EXERCISE:
Every line from the one containing "2020-05-10 v41データの追加" to the end of the records below, written out word for word, is the whole answer.

[Stored data entries]
════════════════════

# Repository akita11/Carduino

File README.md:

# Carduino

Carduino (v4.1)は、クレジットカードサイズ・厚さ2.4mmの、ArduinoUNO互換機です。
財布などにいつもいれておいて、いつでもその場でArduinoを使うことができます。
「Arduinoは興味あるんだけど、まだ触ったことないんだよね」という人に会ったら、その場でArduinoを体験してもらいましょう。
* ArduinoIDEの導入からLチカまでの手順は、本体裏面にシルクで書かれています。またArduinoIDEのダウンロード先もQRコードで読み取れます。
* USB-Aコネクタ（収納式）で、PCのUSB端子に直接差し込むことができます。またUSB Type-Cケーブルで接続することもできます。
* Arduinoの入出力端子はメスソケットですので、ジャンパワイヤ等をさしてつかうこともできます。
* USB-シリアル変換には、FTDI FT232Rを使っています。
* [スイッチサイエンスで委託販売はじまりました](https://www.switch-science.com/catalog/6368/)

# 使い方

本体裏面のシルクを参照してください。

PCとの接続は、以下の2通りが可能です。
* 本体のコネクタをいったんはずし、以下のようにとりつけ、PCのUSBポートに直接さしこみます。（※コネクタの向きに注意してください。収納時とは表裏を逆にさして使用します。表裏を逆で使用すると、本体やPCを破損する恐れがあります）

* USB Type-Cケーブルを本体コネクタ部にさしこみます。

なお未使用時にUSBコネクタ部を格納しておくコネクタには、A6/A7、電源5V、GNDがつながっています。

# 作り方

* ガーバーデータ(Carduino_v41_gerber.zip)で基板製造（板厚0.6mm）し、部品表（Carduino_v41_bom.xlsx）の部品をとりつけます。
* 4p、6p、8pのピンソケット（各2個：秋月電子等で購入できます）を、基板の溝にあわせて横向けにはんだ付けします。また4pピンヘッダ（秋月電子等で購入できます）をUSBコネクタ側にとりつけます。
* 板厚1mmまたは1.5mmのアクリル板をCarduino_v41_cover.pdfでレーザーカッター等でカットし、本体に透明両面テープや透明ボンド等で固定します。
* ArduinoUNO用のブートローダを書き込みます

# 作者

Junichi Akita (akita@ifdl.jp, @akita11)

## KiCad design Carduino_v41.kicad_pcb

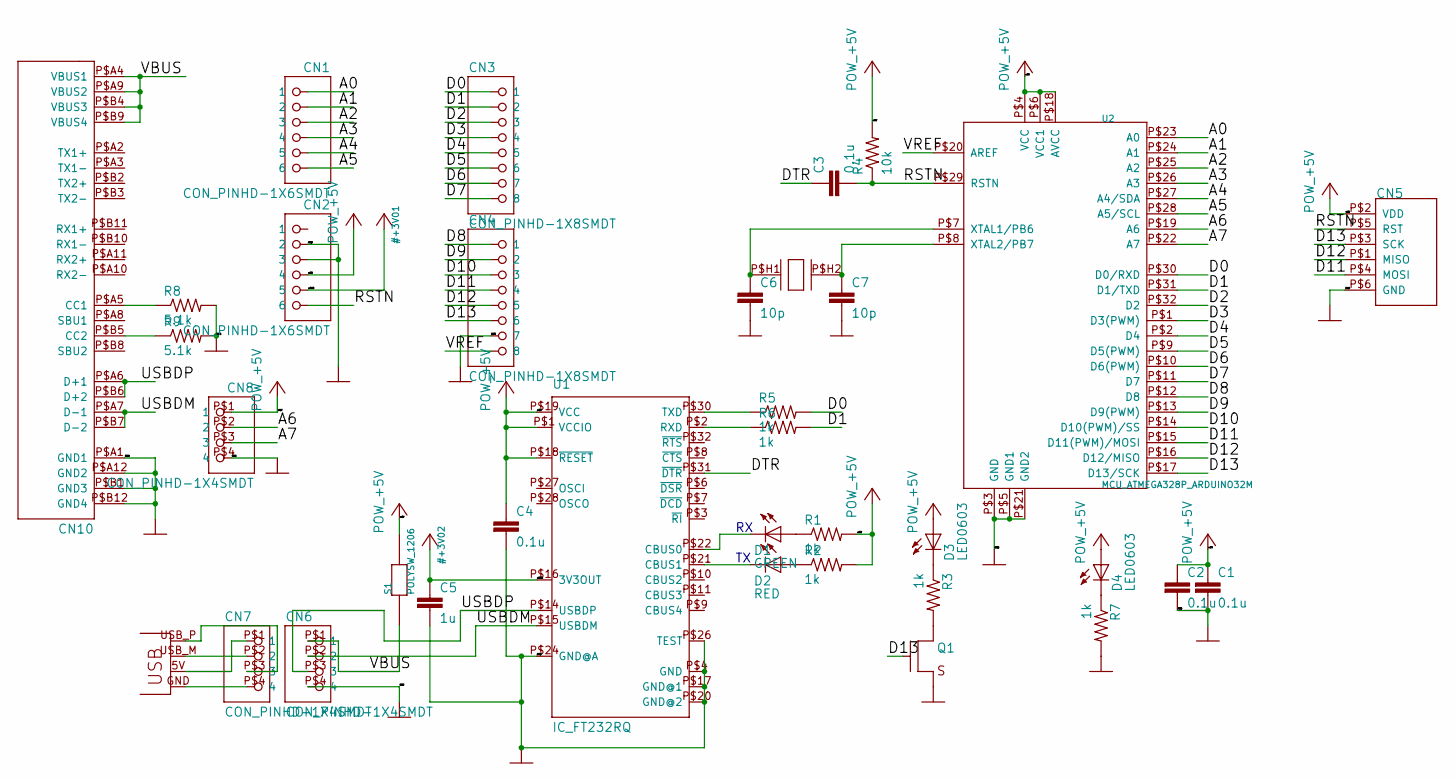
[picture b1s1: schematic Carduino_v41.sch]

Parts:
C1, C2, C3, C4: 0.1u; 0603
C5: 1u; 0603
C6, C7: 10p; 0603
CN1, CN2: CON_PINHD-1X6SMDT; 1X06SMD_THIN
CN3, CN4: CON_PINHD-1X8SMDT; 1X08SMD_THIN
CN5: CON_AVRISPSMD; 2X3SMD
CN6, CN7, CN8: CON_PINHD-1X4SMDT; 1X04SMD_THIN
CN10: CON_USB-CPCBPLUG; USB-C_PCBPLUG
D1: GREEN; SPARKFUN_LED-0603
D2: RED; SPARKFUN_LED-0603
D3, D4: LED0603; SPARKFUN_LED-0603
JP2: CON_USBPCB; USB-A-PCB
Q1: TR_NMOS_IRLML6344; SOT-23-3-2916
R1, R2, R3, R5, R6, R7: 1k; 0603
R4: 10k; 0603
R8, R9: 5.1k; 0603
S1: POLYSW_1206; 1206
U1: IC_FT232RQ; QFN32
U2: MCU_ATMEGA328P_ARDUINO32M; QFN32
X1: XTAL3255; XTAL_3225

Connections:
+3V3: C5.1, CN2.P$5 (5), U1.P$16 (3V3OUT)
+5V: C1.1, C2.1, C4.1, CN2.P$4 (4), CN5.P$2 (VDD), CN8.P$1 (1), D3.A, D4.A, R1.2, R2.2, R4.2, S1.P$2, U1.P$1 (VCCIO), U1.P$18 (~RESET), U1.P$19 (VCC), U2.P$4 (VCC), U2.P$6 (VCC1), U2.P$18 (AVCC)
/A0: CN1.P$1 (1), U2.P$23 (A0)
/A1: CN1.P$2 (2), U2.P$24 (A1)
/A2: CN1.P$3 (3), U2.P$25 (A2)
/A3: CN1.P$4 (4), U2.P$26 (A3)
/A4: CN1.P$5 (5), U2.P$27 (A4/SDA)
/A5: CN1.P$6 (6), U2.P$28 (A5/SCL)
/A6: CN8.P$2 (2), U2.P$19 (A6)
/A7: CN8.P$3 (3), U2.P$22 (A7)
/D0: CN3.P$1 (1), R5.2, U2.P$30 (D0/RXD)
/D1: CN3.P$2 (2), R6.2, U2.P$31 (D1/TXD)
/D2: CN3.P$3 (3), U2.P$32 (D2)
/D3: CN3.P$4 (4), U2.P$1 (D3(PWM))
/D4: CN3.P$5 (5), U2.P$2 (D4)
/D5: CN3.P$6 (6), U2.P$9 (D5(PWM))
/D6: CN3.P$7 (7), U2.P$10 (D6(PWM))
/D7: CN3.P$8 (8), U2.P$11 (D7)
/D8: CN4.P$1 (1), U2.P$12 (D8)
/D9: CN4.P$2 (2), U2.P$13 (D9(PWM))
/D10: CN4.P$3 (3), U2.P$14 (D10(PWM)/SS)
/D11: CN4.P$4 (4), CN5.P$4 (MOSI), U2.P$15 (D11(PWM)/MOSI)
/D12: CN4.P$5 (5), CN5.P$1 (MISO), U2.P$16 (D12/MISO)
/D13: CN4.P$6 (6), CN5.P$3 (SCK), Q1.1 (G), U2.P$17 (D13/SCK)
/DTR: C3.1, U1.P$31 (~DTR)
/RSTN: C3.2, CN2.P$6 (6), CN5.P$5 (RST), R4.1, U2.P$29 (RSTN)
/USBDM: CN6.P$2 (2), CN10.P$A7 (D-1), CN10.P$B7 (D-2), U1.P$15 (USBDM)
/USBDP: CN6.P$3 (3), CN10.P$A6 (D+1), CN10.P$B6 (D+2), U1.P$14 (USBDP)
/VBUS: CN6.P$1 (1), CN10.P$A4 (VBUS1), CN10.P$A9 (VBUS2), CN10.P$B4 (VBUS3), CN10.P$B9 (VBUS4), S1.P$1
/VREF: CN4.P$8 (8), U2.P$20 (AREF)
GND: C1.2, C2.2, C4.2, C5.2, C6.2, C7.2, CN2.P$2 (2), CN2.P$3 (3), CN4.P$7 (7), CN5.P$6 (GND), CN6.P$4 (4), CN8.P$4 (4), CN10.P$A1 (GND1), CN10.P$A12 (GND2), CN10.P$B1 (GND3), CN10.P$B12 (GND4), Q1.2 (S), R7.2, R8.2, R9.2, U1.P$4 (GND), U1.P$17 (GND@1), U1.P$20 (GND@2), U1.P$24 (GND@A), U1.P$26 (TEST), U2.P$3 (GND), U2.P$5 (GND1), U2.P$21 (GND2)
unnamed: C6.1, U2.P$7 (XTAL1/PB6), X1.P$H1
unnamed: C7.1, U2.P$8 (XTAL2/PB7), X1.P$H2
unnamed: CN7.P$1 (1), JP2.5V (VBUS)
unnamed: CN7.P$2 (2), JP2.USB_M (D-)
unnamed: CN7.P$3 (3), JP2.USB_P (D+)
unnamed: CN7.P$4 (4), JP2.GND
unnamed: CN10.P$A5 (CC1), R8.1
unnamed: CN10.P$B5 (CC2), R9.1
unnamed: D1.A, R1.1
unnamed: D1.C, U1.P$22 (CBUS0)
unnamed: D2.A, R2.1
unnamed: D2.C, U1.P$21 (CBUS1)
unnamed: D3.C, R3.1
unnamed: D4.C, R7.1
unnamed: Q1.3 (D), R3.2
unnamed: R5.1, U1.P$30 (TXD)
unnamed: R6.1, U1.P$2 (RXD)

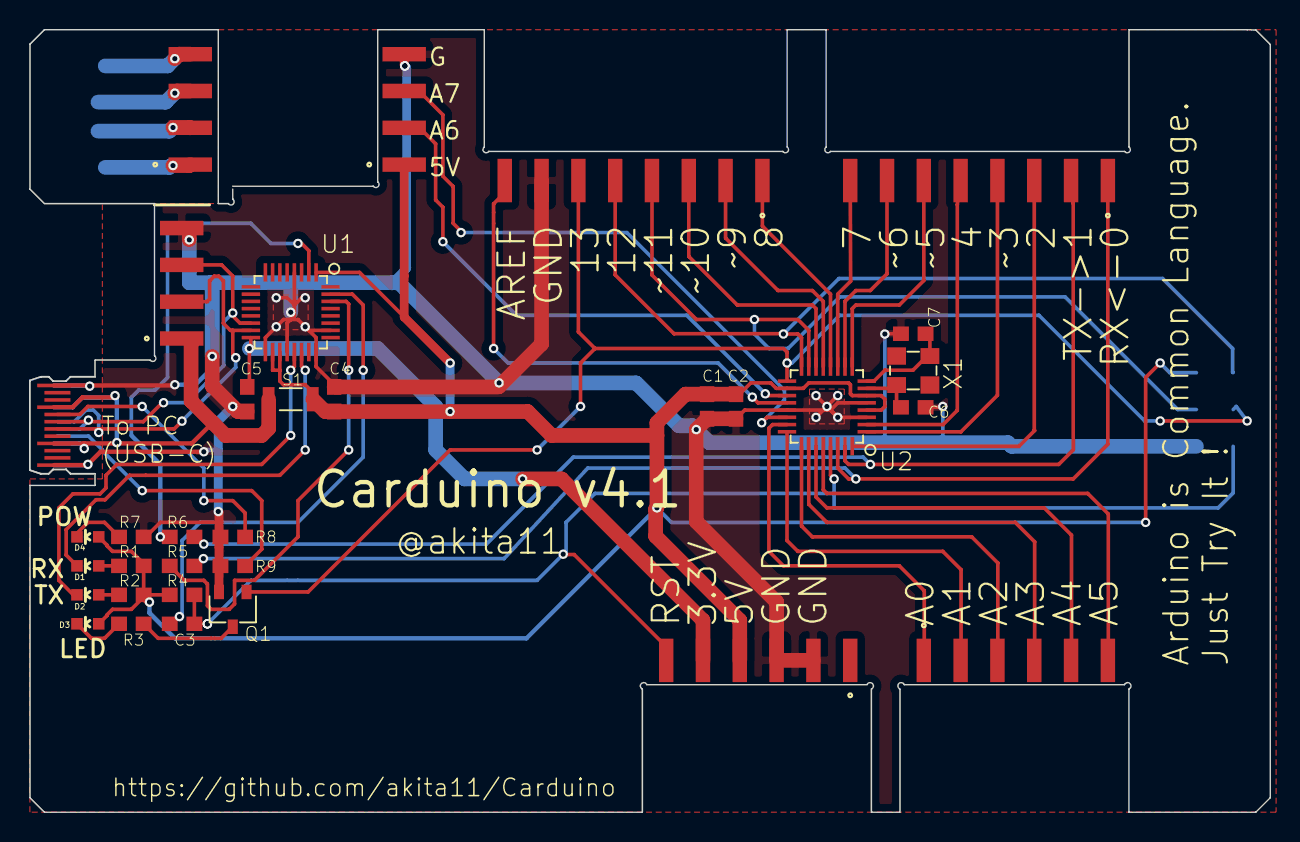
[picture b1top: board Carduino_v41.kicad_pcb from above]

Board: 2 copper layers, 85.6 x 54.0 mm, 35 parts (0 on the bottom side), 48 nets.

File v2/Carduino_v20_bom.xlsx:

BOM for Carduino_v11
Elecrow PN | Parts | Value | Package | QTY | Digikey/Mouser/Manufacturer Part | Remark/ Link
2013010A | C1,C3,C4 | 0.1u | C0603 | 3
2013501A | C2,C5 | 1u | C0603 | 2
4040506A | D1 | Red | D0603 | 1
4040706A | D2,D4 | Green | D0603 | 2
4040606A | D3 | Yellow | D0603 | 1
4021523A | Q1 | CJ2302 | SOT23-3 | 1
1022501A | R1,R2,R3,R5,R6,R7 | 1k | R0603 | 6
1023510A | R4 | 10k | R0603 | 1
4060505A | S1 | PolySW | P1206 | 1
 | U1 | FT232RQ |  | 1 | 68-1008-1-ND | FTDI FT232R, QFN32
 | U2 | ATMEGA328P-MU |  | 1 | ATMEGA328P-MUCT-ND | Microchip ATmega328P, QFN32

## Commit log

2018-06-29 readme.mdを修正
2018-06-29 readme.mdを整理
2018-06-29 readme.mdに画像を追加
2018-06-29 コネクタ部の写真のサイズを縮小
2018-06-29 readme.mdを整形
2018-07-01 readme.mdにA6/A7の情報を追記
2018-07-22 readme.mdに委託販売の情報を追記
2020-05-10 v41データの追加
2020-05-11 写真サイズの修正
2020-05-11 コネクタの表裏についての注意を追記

════════════════════

RESPONSE AREA:
2020-05-10 v41データの追加
2020-05-11 写真サイズの修正
2020-05-11 コネクタの表裏についての注意を追記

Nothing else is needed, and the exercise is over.